As we reflect on our accomplishments in 2023, I wish to express sincere
gratitude to Sherif El Zayat, our outgoing CEO, who has been an integral part of
our success over the years. We wish him the best of luck in his future
endeavors. I also wish to welcome Jon Rokk as our new CEO, who was meticulously
selected for his distinguished leadership roles in various multinational
companies across Europe, the Middle East, and North Africa. With expertise
spanning multiple sectors, including oil & gas, petrochemicals, infrastructure,
and nuclear power, Jon aligns seamlessly with the diverse business areas of EKH
and our ambitions for expansion and growth. Under his leadership, we are
confident that EKH will continue to thrive and reach new heights.
Looking forward, our strategy emphasizes integration, diversification, and
resilience.

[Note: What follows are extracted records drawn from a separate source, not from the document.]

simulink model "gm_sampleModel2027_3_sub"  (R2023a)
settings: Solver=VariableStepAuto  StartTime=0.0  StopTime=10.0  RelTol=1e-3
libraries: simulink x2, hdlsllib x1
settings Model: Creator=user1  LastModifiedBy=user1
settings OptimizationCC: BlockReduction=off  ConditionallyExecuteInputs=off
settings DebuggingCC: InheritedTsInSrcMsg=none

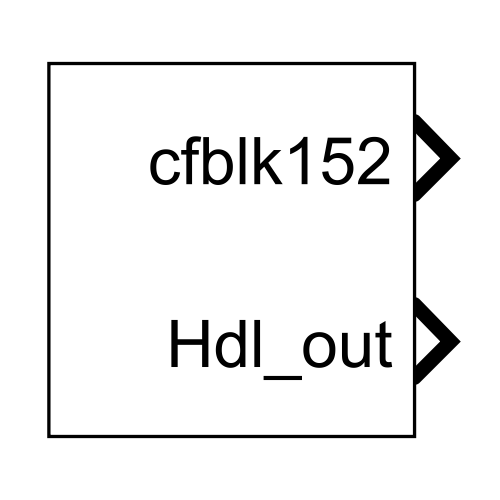
[thumbnail: Simulink's stored preview of the top-level diagram]
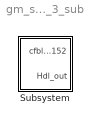
== system gm_sampleModel2027_3_sub ==
  Subsystem : Subsystem

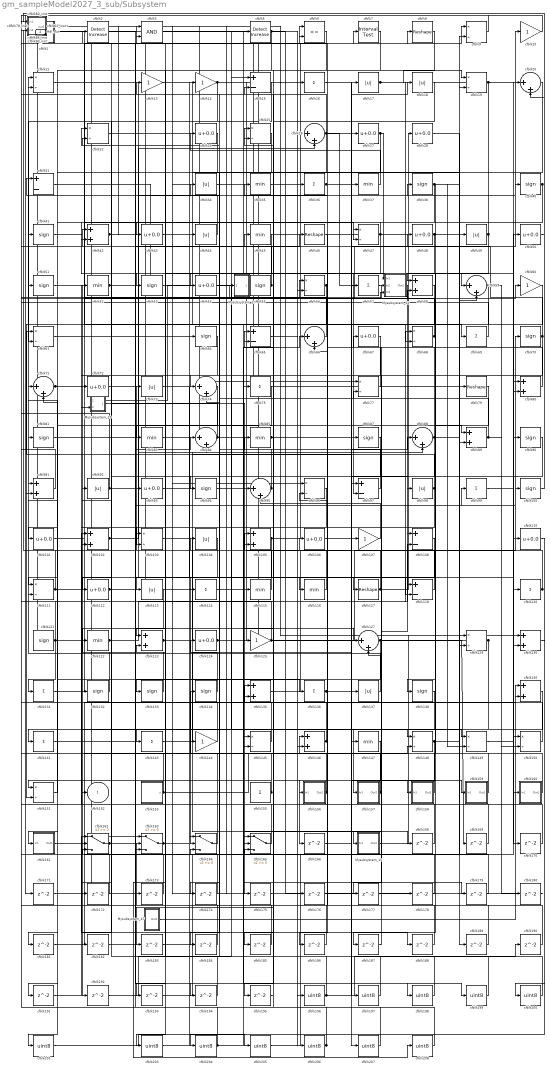
== system gm_sampleModel2027_3_sub/Subsystem ==
  Mysubsystem_15 : Subsystem
  Mysubsystem_19 : Subsystem
  Mysubsystem_29 : Subsystem
  Mysubsystem_47 : Subsystem
  Mysubsystem_52 : Subsystem
  cfblk1 : Subsystem  mask(Detect Rise Positive){vinit=double(0), InputProcessing=Elements as channels (sample based), OutDataTypeStr=uint8}
      mask prompts: vinit "Simulink:masks:InitialCondition_MP"; InputProcessing "Simulink:masks:InputProcessing_MP"; OutDataTypeStr "Simulink:masks:OutputDataType_MP"
      mask help: Simulink:masks:DetectRisePositive_MD
      mask init:
      | InputProcessing = 'Elements as channels (sample based)';
      | OutDataTypeStr = 'uint8';
      | vinit = double(0);
      mask TypeOptions InputProcessing: Simulink:masks:ColumnsAsChannelsFrameBased | Simulink:masks:ElementsAsChannelsSampleBased
      mask TypeOptions OutDataTypeStr: Simulink:masks:uint8 | Simulink:masks:boolean
      mask Display: fprintf('U > 0\n&  NOT\nU/z > 0')
  cfblk{10,13..14,60,107,125,144} (7 alike) : Gain  OutDataTypeStr=uint8
  cfblk{38,40..41,51,53,55,64,70,81,87,90,94,100,121,132..134,138} (18 alike) : Signum
  cfblk{24,27..28,43,48,50,54,67,72,93,101,106,110,112,124} (15 alike) : Bias  Bias=0.0  SaturateOnIntegerOverflow=off
  cfblk{42,58,80,89,91,102,105,123,130,135,140,146} (12 alike) : Sum  OutDataTypeStr=uint8
  cfblk{9,11,19,22,25,47,56,61,68,77,96,103,111,129,145,148..151} (19 alike) : Product  Inputs=*/  OutDataTypeStr=uint8  RndMeth=Zero  SaturateOnIntegerOverflow=on
  cfblk{17..18,34,44,49,73,92,98,104,113,137} (11 alike) : Abs  OutDataTypeStr=uint8  SaturateOnIntegerOverflow=off
  cfblk{15,31,65,97,108,118} (6 alike) : Sum  Inputs=+-  OutDataTypeStr=uint8
  cfblk109_inst : Subsystem
  cfblk{16,36,57,69,75,99,114,120,131,136,141,143} (12 alike) : Sum  Inputs=+  OutDataTypeStr=uint8
  cfblk{35,37,45,52,83,85,115..116,122,147} (10 alike) : MinMax  OutDataTypeStr=uint8
  cfblk{8,46,79,117} (4 alike) : Reshape
  cfblk119_inst : Subsystem
  cfblk126_inst : Subsystem
  cfblk{20,26,59,66,71,74,84,88,95,127} (10 alike) : Sum  Inputs=|++  OutDataTypeStr=uint8
  cfblk12_inst : Subsystem
  cfblk139_inst : Subsystem
  cfblk153 : Subsystem  mask(Counter Free-Running){NumBits=double(16), tsamp=double(-1)}
      mask prompts: NumBits "Simulink:masks:NumberOfBits_MP"; tsamp "Simulink:masks:SampleTime_MP"
      mask help: Simulink:masks:CounterFreeRunning_MD
  cfblk155 : Constant  OutDataTypeStr=uint8  SampleTime=-1
  cfblk156 : Subsystem
  cfblk157 : Subsystem
  cfblk158 : Subsystem
  cfblk159 : Subsystem
  cfblk160 : Subsystem
  cfblk161 : Subsystem
  cfblk{162..165} (4 alike) : Switch  OutDataTypeStr=uint8  SaturateOnIntegerOverflow=off  InputSameDT=off
  cfblk{166,168..195} (29 alike) : Delay  SampleTime=1
  cfblk{196..201,203..208} (12 alike) : DataTypeConversion  OutDataTypeStr=uint8  SaturateOnIntegerOverflow=off  RndMeth=Floor
  cfblk2 : simulink/Logic and Bit Operations/Detect Increase  vinit=0.0  OutDataTypeStr=uint8
      settings: LibrarySourceBlock=|
      | hdlsllib/Logic and Bit
      | Operations/Detect
      | Increase
  cfblk23_inst : Subsystem
  cfblk29_inst : Subsystem
  cfblk3 : Logic  AllPortsSameDT=off  OutDataTypeStr=boolean
  cfblk30_inst : Subsystem
  cfblk33_inst : Subsystem
  cfblk5 : simulink/Logic and Bit Operations/Detect Increase  vinit=0.0  OutDataTypeStr=uint8
      settings: LibrarySourceBlock=|
      | hdlsllib/Logic and Bit
      | Operations/Detect
      | Increase
  cfblk6 : RelationalOperator  Operator=<=  OutDataTypeStr=boolean  InputSameDT=off
  cfblk62_inst : Subsystem
  cfblk7 : hdlsllib/Logic and Bit Operations/Interval Test  IntervalClosedRight=on  uplimit=0.5  IntervalClosedLeft=on  lowlimit=-0.5  OutDataTypeStr=uint8
  cfblk78_inst : Subsystem
  cfblk82_inst : Subsystem
  cfblk86_inst : Subsystem
  cfblk152 : Outport  OutDataTypeStr=uint8  SampleTime=1  VectorParamsAs1DForOutWhenUnconnected=off
  Hdl_out : Outport  Port=2  OutDataTypeStr=uint8  SampleTime=1
  wires:
  Mysubsystem_15/1(Out1) -> cfblk129/1
  Mysubsystem_19/1(Out1) -> Mysubsystem_29/1(In1)
  Mysubsystem_29/1(Out1) -> cfblk175/1
  Mysubsystem_47/1(Out1) -> cfblk140/1
  Mysubsystem_52/1(Out1) -> cfblk183/1
  cfblk1/1(Y) -> cfblk97/2, cfblk47/2, cfblk69/1
  cfblk10/1 -> cfblk171/1
  cfblk100/1 -> cfblk109_inst/1(in1)
  cfblk101/1 -> cfblk9/1
  cfblk102/1 -> cfblk88/2, cfblk26/2
  cfblk103/1 -> Mysubsystem_15/1(In1)
  cfblk104/1 -> cfblk164/2
  cfblk105/1 -> cfblk113/1, cfblk7/1
  cfblk106/1 -> cfblk107/1
  cfblk107/1 -> cfblk95/2
  cfblk108/1 -> cfblk143/1
  cfblk109_inst/1(out1) -> cfblk77/1
  cfblk11/1 -> cfblk170/1
  cfblk110/1 -> cfblk204/1
  cfblk111/1 -> cfblk30_inst/2(in2), Mysubsystem_52/2(In2)
  cfblk112/1 -> cfblk64/1, cfblk56/1
  cfblk113/1 -> cfblk192/1
  cfblk114/1 -> cfblk37/1
  cfblk115/1 -> cfblk11/1
  cfblk116/1 -> cfblk73/1
  cfblk117/1 -> cfblk93/1, cfblk28/1
  cfblk118/1 -> cfblk67/1
  cfblk119_inst/1(out1) -> cfblk130/1
  cfblk12_inst/1(out1) -> cfblk163/1
  cfblk120/1 -> cfblk105/1, cfblk52/1
  cfblk121/1 -> cfblk58/2, cfblk11/2, cfblk131/1
  cfblk122/1 -> cfblk108/2, cfblk68/1
  cfblk123/1 -> cfblk84/2, cfblk168/1
  cfblk124/1 -> cfblk106/1, cfblk5/1
  cfblk125/1 -> cfblk78_inst/1(in1), cfblk70/1
  cfblk126_inst/1(out1) -> cfblk79/1
  cfblk127/1 -> cfblk169/1, cfblk161/1(In1)
  cfblk129/1 -> Hdl_out/1, cfblk157/1(In1)
  cfblk13/1 -> cfblk137/1
  cfblk130/1 -> cfblk200/1
  cfblk131/1 -> cfblk10/1
  cfblk132/1 -> cfblk72/1
  cfblk133/1 -> cfblk102/2
  cfblk134/1 -> cfblk124/1
  cfblk135/1 -> cfblk17/1
  cfblk136/1 -> cfblk18/1, cfblk159/1(In1)
  cfblk137/1 -> cfblk81/1
  cfblk138/1 -> cfblk145/1
  cfblk139_inst/1(out1) -> cfblk115/1, cfblk16/1
  cfblk14/1 -> cfblk61/2, cfblk120/1
  cfblk140/1 -> cfblk201/1
  cfblk141/1 -> cfblk46/1
  cfblk143/1 -> cfblk48/1
  cfblk144/1 -> cfblk29_inst/1(in1)
  cfblk145/1 -> cfblk91/1
  cfblk146/1 -> cfblk66/2, cfblk135/1
  cfblk147/1 -> cfblk195/1
  cfblk148/1 -> cfblk19/2, cfblk166/1
  cfblk149/1 -> cfblk50/1
  cfblk15/1 -> cfblk132/1
  cfblk150/1 -> cfblk42/1
  cfblk151/1 -> cfblk71/1
  cfblk153/1(y) -> cfblk208/1, cfblk148/2, cfblk111/2
  cfblk155/1 -> cfblk23_inst/2(in2), cfblk151/1
  cfblk156/1(Out1) -> cfblk71/2, cfblk122/1
  cfblk157/1(Out1) -> cfblk82_inst/2(in2), cfblk34/1
  cfblk158/1(Out1) -> cfblk6/1
  cfblk159/1(Out1) -> cfblk25/1
  cfblk16/1 -> cfblk98/1
  cfblk160/1(Out1) -> cfblk58/1
  cfblk161/1(Out1) -> cfblk57/1
  cfblk162/1 -> cfblk8/1, cfblk100/1
  cfblk163/1 -> cfblk60/1, cfblk99/1
  cfblk164/1 -> cfblk134/1
  cfblk165/1 -> cfblk92/1
  cfblk166/1 -> cfblk88/1
  cfblk168/1 -> cfblk102/1
  cfblk169/1 -> cfblk123/2
  cfblk17/1 -> cfblk19/1, cfblk148/1
  cfblk170/1 -> cfblk109_inst/2(in2)
  cfblk171/1 -> cfblk146/1
  cfblk172/1 -> cfblk29_inst/2(in2)
  cfblk173/1 -> cfblk162/3
  cfblk174/1 -> cfblk164/3
  cfblk175/1 -> cfblk135/2
  cfblk176/1 -> cfblk96/2
  cfblk177/1 -> cfblk127/2
  cfblk178/1 -> cfblk12_inst/2(in2)
  cfblk179/1 -> cfblk97/1
  cfblk18/1 -> cfblk125/1
  cfblk180/1 -> cfblk1/1(U)
  cfblk181/1 -> cfblk130/2
  cfblk182/1 -> cfblk84/1
  cfblk183/1 -> cfblk89/2
  cfblk184/1 -> cfblk30_inst/1(in1)
  cfblk185/1 -> cfblk163/2
  cfblk186/1 -> cfblk163/3
  cfblk187/1 -> cfblk77/2
  cfblk188/1 -> cfblk119_inst/2(in2)
  cfblk189/1 -> cfblk22/2
  cfblk19/1 -> cfblk150/1, cfblk103/2
  cfblk190/1 -> cfblk6/2
  cfblk191/1 -> cfblk162/1
  cfblk192/1 -> cfblk15/1
  cfblk193/1 -> cfblk80/2
  cfblk194/1 -> cfblk164/1
  cfblk195/1 -> cfblk85/1
  cfblk196/1 -> cfblk27/1, cfblk165/3, cfblk190/1
  cfblk197/1 -> cfblk3/1
  cfblk198/1 -> cfblk3/2
  cfblk199/1 -> cfblk104/1
  cfblk2/1 -> cfblk199/1
  cfblk20/1 -> cfblk114/1
  cfblk200/1 -> cfblk2/1
  cfblk201/1 -> cfblk205/1
  cfblk203/1 -> cfblk140/2
  cfblk204/1 -> cfblk66/1, cfblk23_inst/1(in1)
  cfblk205/1 -> cfblk110/1
  cfblk206/1 -> cfblk62_inst/2(in2), cfblk103/1
  cfblk207/1 -> cfblk65/1
  cfblk208/1 -> cfblk65/2
  cfblk22/1 -> cfblk129/2
  cfblk23_inst/1(out1) -> cfblk96/1
  cfblk24/1 -> cfblk172/1
  cfblk25/1 -> cfblk144/1
  cfblk26/1 -> cfblk86_inst/1(in1), cfblk59/1, cfblk181/1
  cfblk27/1 -> cfblk165/1, Mysubsystem_52/1(In1)
  cfblk28/1 -> cfblk189/1
  cfblk29_inst/1(out1) -> cfblk121/1, cfblk173/1
  cfblk3/1 -> cfblk196/1
  cfblk30_inst/1(out1) -> cfblk49/1, cfblk31/2, cfblk126_inst/1(in1)
  cfblk31/1 -> cfblk55/1
  cfblk33_inst/1(out1) -> cfblk20/1
  cfblk34/1 -> cfblk80/1
  cfblk35/1 -> cfblk15/2
  cfblk36/1 -> cfblk207/1, cfblk118/1
  cfblk37/1 -> cfblk24/1
  cfblk38/1 -> cfblk59/2, cfblk42/2, cfblk149/2, cfblk158/1(In1)
  cfblk40/1 -> cfblk56/2, cfblk141/1
  cfblk41/1 -> cfblk53/1
  cfblk42/1 -> cfblk40/1, cfblk160/1(In1)
  cfblk43/1 -> cfblk75/1
  cfblk44/1 -> cfblk31/1
  cfblk45/1 -> cfblk54/1
  cfblk46/1 -> cfblk156/1(In1)
  cfblk47/1 -> cfblk43/1, cfblk186/1, cfblk185/1
  cfblk48/1 -> cfblk74/2, cfblk123/1
  cfblk49/1 -> cfblk47/1, cfblk187/1
  cfblk5/1 -> cfblk133/1, cfblk68/2, cfblk83/1
  cfblk50/1 -> cfblk20/2
  cfblk51/1 -> cfblk146/2
  cfblk52/1 -> cfblk118/2, cfblk194/1
  cfblk53/1 -> cfblk38/1
  cfblk54/1 -> cfblk149/1
  cfblk55/1 -> cfblk33_inst/2(in2), cfblk126_inst/2(in2)
  cfblk56/1 -> cfblk151/2, cfblk152/1
  cfblk57/1 -> cfblk26/1
  cfblk58/1 -> cfblk91/2
  cfblk59/1 -> cfblk95/1, cfblk180/1
  cfblk6/1 -> cfblk203/1
  cfblk60/1 -> cfblk165/2
  cfblk61/1 -> Mysubsystem_19/1(In1)
  cfblk62_inst/1(out1) -> cfblk44/1
  cfblk64/1 -> cfblk74/1
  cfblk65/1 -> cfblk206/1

Specifically, our focus is on expanding exports, enhancing foreign
currency streams, and growing our regional presence to drive growth and add
resilience to our business, aligning with our long-term strategy for
sustainability and enhanced shareholder returns.
In line with our commitment, we are pleased to propose a dividend distribution
of USD six cents per share to our esteemed shareholders at the upcoming general
assembly, supported by our robust operational performance, healthy cash flows,
and a resilient balance sheet,” Al-Kharafi said.
On the Fertilizers front, EKH doubled formica sheets production, inaugurated a
new SNF factory, and launched a state-of-the-art sulfuric acid facility,
contributing to feedstock for the Group’s portfolio products. At AlexFert, EKH
increased ownership to over 75 percent, enhancing USD-denominated revenues.
In the Energy and Energy-Related Segment, NatEnergy’s subsidiaries expanded
installations, connecting over two million households. Meanwhile, at Kahraba,
NatEnergy’s power distribution and generation subsidiary, the company’s
successive investments over the years have increased power generation capacity
to 135 MW, while on the distribution front, capacity has already passed 350 MW
as of 2024, with plans for further expansion to 645 MW by 2030.
At ONS, the company’s strategic plan to optimize reserve management, extend
well-life, and enhance production efficiency has borne fruit. ONS expanded the
concession area by 140 km2, totaling 440 km2. With a USD 70 million capex for
Phase-3B (2023 to Q1 2024), two new wells (ATON1 + KSE2) have been drilled in
the new extension area using WH platforms, ensuring the continuation of the
company’s operational success.
Finally, the significant contributions of Delta Insurance and Mohandes Insurance
teams have played a pivotal role in ensuring the resilient performance of the
companies amidst a challenging operating environment. Additionally, EKH’s
microfinance subsidiary, Bedyati, consistently maintained a robust bottom line.
Furthermore, the management is pleased to highlight the upcoming commencement of
operations at the Nile Wood production facility in 2024, a joint venture with
Homann Holzwerkstoffe GmbH that enhances the group’s strategic positioning.
•The group has invested over $250 million in enhancing our products and services
while seizing promising opportunities in the market.
•We have successfully expanded our operational capacities, maintaining strong
profitability rates, and enhancing the performance of all subsidiaries.
•Our focus remains on diversifying income sources by ramping up exports and
bolstering cash flows in foreign currencies.